Records from a dataset:
· · ·
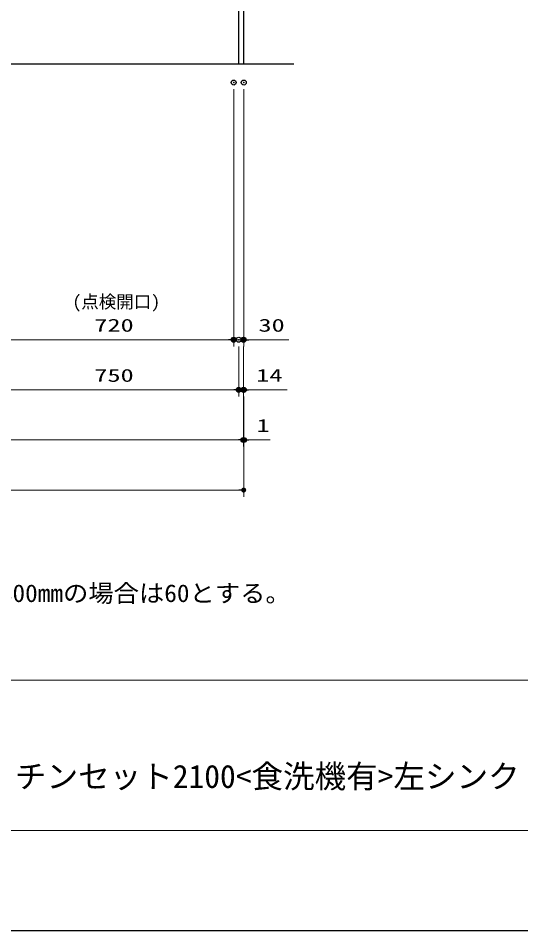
# Model space of a CAD drawing. Units: millimetres, scale not verified. Extents: x -9797 to 9797, y -4555 to 4555.
# Drawn here: x -6049 to -4544, y -4455 to -1724 of the extents above; entities that cross this region are included whole.
import ezdxf
from ezdxf.enums import TextEntityAlignment as Align

# ---------------------------------------------------------------- set-up
doc = ezdxf.new("R2010")
doc.units = ezdxf.units.MM
doc.header["$LTSCALE"] = 30
doc.header["$PDMODE"] = 32
doc.header["$PDSIZE"] = 15
for name, color, linetype, lineweight in [('0-0_DEFPOINTS', 7, 'Continuous', 25), ('0-2_0', 7, 'Continuous', 25), ('0-3_図面枠', 3, 'Continuous', 15), ('0-4_KABE', 4, 'Continuous', 25), ('0-5_寸法ﾚｲﾔｰ', 30, 'Continuous', 13)]:
    doc.layers.add(name, color=color, linetype=linetype, lineweight=lineweight)
doc.styles.add('ＭＳ ゴシック', font='')
doc.styles.get('ＭＳ ゴシック').set_extended_font_data('MS Gothic')

# ---------------------------------------------------------------- blocks, each defined once
blk = doc.blocks.new('_DOT')
at = {"layer": '0-2_0', "color": 30}
blk.add_line((-15, 0), (-30, 0), dxfattribs=at)
for points in [[(0, 0), (-15, 0), (-14.88, 1.88)], [(0, 0), (-14.88, -1.88), (-15, 0)], [(0, 0), (-14.88, 1.88), (-14.53, 3.73)], [(0, 0), (-14.53, -3.73), (-14.88, -1.88)], [(0, 0), (-14.53, 3.73), (-13.95, 5.52)], [(0, 0), (-13.95, -5.52), (-14.53, -3.73)], [(0, 0), (-13.95, 5.52), (-13.14, 7.23)], [(0, 0), (-13.14, -7.23), (-13.95, -5.52)], [(0, 0), (-13.14, 7.23), (-12.14, 8.82)], [(0, 0), (-12.14, -8.82), (-13.14, -7.23)], [(0, 0), (-12.14, 8.82), (-10.93, 10.27)], [(0, 0), (-10.93, -10.27), (-12.14, -8.82)], [(0, 0), (-10.93, 10.27), (-9.56, 11.56)], [(0, 0), (-9.56, -11.56), (-10.93, -10.27)], [(0, 0), (-9.56, 11.56), (-8.04, 12.66)], [(0, 0), (-8.04, -12.66), (-9.56, -11.56)], [(0, 0), (-8.04, 12.66), (-6.39, 13.57)], [(0, 0), (-6.39, -13.57), (-8.04, -12.66)], [(0, 0), (-6.39, 13.57), (-4.64, 14.27)], [(0, 0), (-4.64, -14.27), (-6.39, -13.57)], [(0, 0), (-4.64, 14.27), (-2.81, 14.73)], [(0, 0), (-2.81, -14.73), (-4.64, -14.27)], [(0, 0), (-2.81, 14.73), (-0.94, 14.97)], [(0, 0), (-0.94, -14.97), (-2.81, -14.73)], [(0, 0), (-0.94, 14.97), (0.94, 14.97)], [(0, 0), (0.94, -14.97), (-0.94, -14.97)], [(0, 0), (0.94, 14.97), (2.81, 14.73)], [(0, 0), (2.81, 14.73), (4.64, 14.27)], [(0, 0), (4.64, 14.27), (6.39, 13.57)], [(0, 0), (6.39, 13.57), (8.04, 12.66)], [(0, 0), (8.04, 12.66), (9.56, 11.56)], [(0, 0), (9.56, 11.56), (10.93, 10.27)], [(0, 0), (10.93, 10.27), (12.14, 8.82)], [(0, 0), (12.14, 8.82), (13.14, 7.23)], [(0, 0), (13.14, 7.23), (13.95, 5.52)], [(0, 0), (13.95, 5.52), (14.53, 3.73)], [(0, 0), (14.53, 3.73), (14.88, 1.88)], [(0, 0), (14.88, 1.88), (15, 0)], [(0, 0), (2.81, -14.73), (0.94, -14.97)], [(0, 0), (4.64, -14.27), (2.81, -14.73)], [(0, 0), (6.39, -13.57), (4.64, -14.27)], [(0, 0), (8.04, -12.66), (6.39, -13.57)], [(0, 0), (9.56, -11.56), (8.04, -12.66)], [(0, 0), (10.93, -10.27), (9.56, -11.56)], [(0, 0), (12.14, -8.82), (10.93, -10.27)], [(0, 0), (13.14, -7.23), (12.14, -8.82)], [(0, 0), (13.95, -5.52), (13.14, -7.23)], [(0, 0), (14.53, -3.73), (13.95, -5.52)], [(0, 0), (14.88, -1.88), (14.53, -3.73)], [(0, 0), (15, 0), (14.88, -1.88)]]:
    blk.add_solid(points, dxfattribs=at)

msp = doc.modelspace()

# ---------------------------------------------------------------- linework, layer by layer
at = {"layer": '0-0_DEFPOINTS'}
msp.add_line((2902.77, -4455), (-9697.23, -4455), dxfattribs=at)
for p in [(-5403.56, -1915.93), (-5373.56, -1915.93), (-5403.56, -2685.93), (-5388.56, -2685.93), (-5374.56, -2685.93), (-5388.56, -2835.93), (-5374.56, -2835.93), (-5373.56, -2835.93), (-5373.56, -2835.93), (-5374.56, -2985.93), (-5373.56, -2985.93)]:
    msp.add_point(p, dxfattribs=at)
at = {"layer": '0-2_0'}
msp.add_lwpolyline([(-5388.56, -1023.93), (-5374.56, -1023.93), (-5374.56, -1860.93), (-5388.56, -1860.93)], close=True, dxfattribs=at)
at = {"layer": '0-3_図面枠'}
msp.add_line((-9397.23, -3705), (2602.77, -3705), dxfattribs=at)
msp.add_lwpolyline([(-9397.23, -4155), (2602.77, -4155), (2602.77, 4155), (-9397.23, 4155)], close=True, dxfattribs=at)
at = {"layer": '0-4_KABE'}
msp.add_line((-5223.56, -1860.93), (-7623.56, -1860.93), dxfattribs=at)
at = {"layer": '0-5_寸法ﾚｲﾔｰ'}
for p, q in [((-5403.56, -1935.93), (-5403.56, -2705.93)), ((-5403.56, -1935.93), (-5403.56, -2705.93)), ((-5373.56, -1935.93), (-5373.56, -2705.93)), ((-5418.56, -2685.93), (-6108.56, -2685.93)), ((-5418.56, -2685.93), (-5433.56, -2685.93)), ((-5373.56, -2685.93), (-5403.56, -2685.93)), ((-5373.56, -2685.93), (-5238.8, -2685.93)), ((-5358.56, -2685.93), (-5343.56, -2685.93)), ((-5388.56, -2705.93), (-5388.56, -2855.93)), ((-5388.56, -2705.93), (-5388.56, -2855.93)), ((-5374.56, -2705.93), (-5374.56, -3005.93)), ((-5374.56, -2705.93), (-5374.56, -2855.93)), ((-5403.56, -2835.93), (-6123.56, -2835.93)), ((-5403.56, -2835.93), (-5418.56, -2835.93)), ((-5374.56, -2835.93), (-5388.56, -2835.93)), ((-5374.56, -2835.93), (-5243.56, -2835.93)), ((-5359.56, -2835.93), (-5344.56, -2835.93)), ((-5374.56, -2855.93), (-5374.56, -3005.93)), ((-5373.56, -2855.93), (-5373.56, -3155.93)), ((-5373.56, -2855.93), (-5373.56, -3005.93)), ((-7457.56, -2985.93), (-5389.56, -2985.93)), ((-5389.56, -2985.93), (-5404.56, -2985.93)), ((-5374.56, -2985.93), (-5373.56, -2985.93)), ((-5373.56, -2985.93), (-5294.04, -2985.93)), ((-5358.56, -2985.93), (-5343.56, -2985.93)), ((-5388.56, -3135.93), (-7458.56, -3135.93))]:
    msp.add_line(p, q, dxfattribs=at)

# ---------------------------------------------------------------- block references
at = {"layer": '0-5_寸法ﾚｲﾔｰ', "xscale": 0.5, "yscale": 0.5}
for p in [(-5403.56, -2685.93), (-5403.56, -2685.93), (-5388.56, -2835.93), (-5388.56, -2835.93), (-5374.56, -2985.93), (-5374.56, -2985.93), (-5373.56, -3135.93)]:
    msp.add_blockref('_DOT', p, dxfattribs=at)
at = {"layer": '0-5_寸法ﾚｲﾔｰ', "xscale": 0.5, "yscale": 0.5, "rotation": 180}
for p in [(-5373.56, -2685.93), (-5374.56, -2835.93), (-5373.56, -2985.93)]:
    msp.add_blockref('_DOT', p, dxfattribs=at)

# ---------------------------------------------------------------- texts
at = {"layer": '0-2_0', "style": 'ＭＳ ゴシック', "width": 1.05}
msp.add_text('※1. 天板高さH800mmの場合は60とする。', height=52.92, dxfattribs=at).set_placement((-6633.75, -3486.96), align=Align.BOTTOM_LEFT)
at = {"layer": '0-3_図面枠', "style": 'ＭＳ ゴシック'}
msp.add_text('キッチンセット2100<食洗機有>左シンク\u3000設備図面 ', height=69.27, dxfattribs=at).set_placement((-6247.23, -4048.32), align=Align.BOTTOM_LEFT)
at = {"layer": '0-5_寸法ﾚｲﾔｰ', "style": 'ＭＳ ゴシック'}
msp.add_text('(点検開口)', height=38.48, dxfattribs=at).set_placement((-5886.23, -2602.85), align=Align.BOTTOM_LEFT)
at = {"layer": '0-5_寸法ﾚｲﾔｰ', "style": 'ＭＳ ゴシック', "width": 1.5}
for s, p in [('720', (-5820.7, -2673.33)), ('30', (-5329.28, -2673.33)), ('750', (-5820.7, -2823.33)), ('14', (-5335.94, -2823.33)), ('1', (-5334.99, -2973.33))]:
    msp.add_text(s, height=38.49, dxfattribs=at).set_placement(p, align=Align.BOTTOM_LEFT)

doc.saveas('drawing.dxf')
· · ·
Could you transcribe the entries above word for word, from the line with "color=color, linetype=linetype, lineweight=lineweight)" down to the line with "blk.add_line((-15, 0), (-30, 0), dxfattribs=at)", keeping both?

RESPONSE »
    doc.layers.add(name, color=color, linetype=linetype, lineweight=lineweight)
doc.styles.add('ＭＳ ゴシック', font='')
doc.styles.get('ＭＳ ゴシック').set_extended_font_data('MS Gothic')

# ---------------------------------------------------------------- blocks, each defined once
blk = doc.blocks.new('_DOT')
at = {"layer": '0-2_0', "color": 30}
blk.add_line((-15, 0), (-30, 0), dxfattribs=at)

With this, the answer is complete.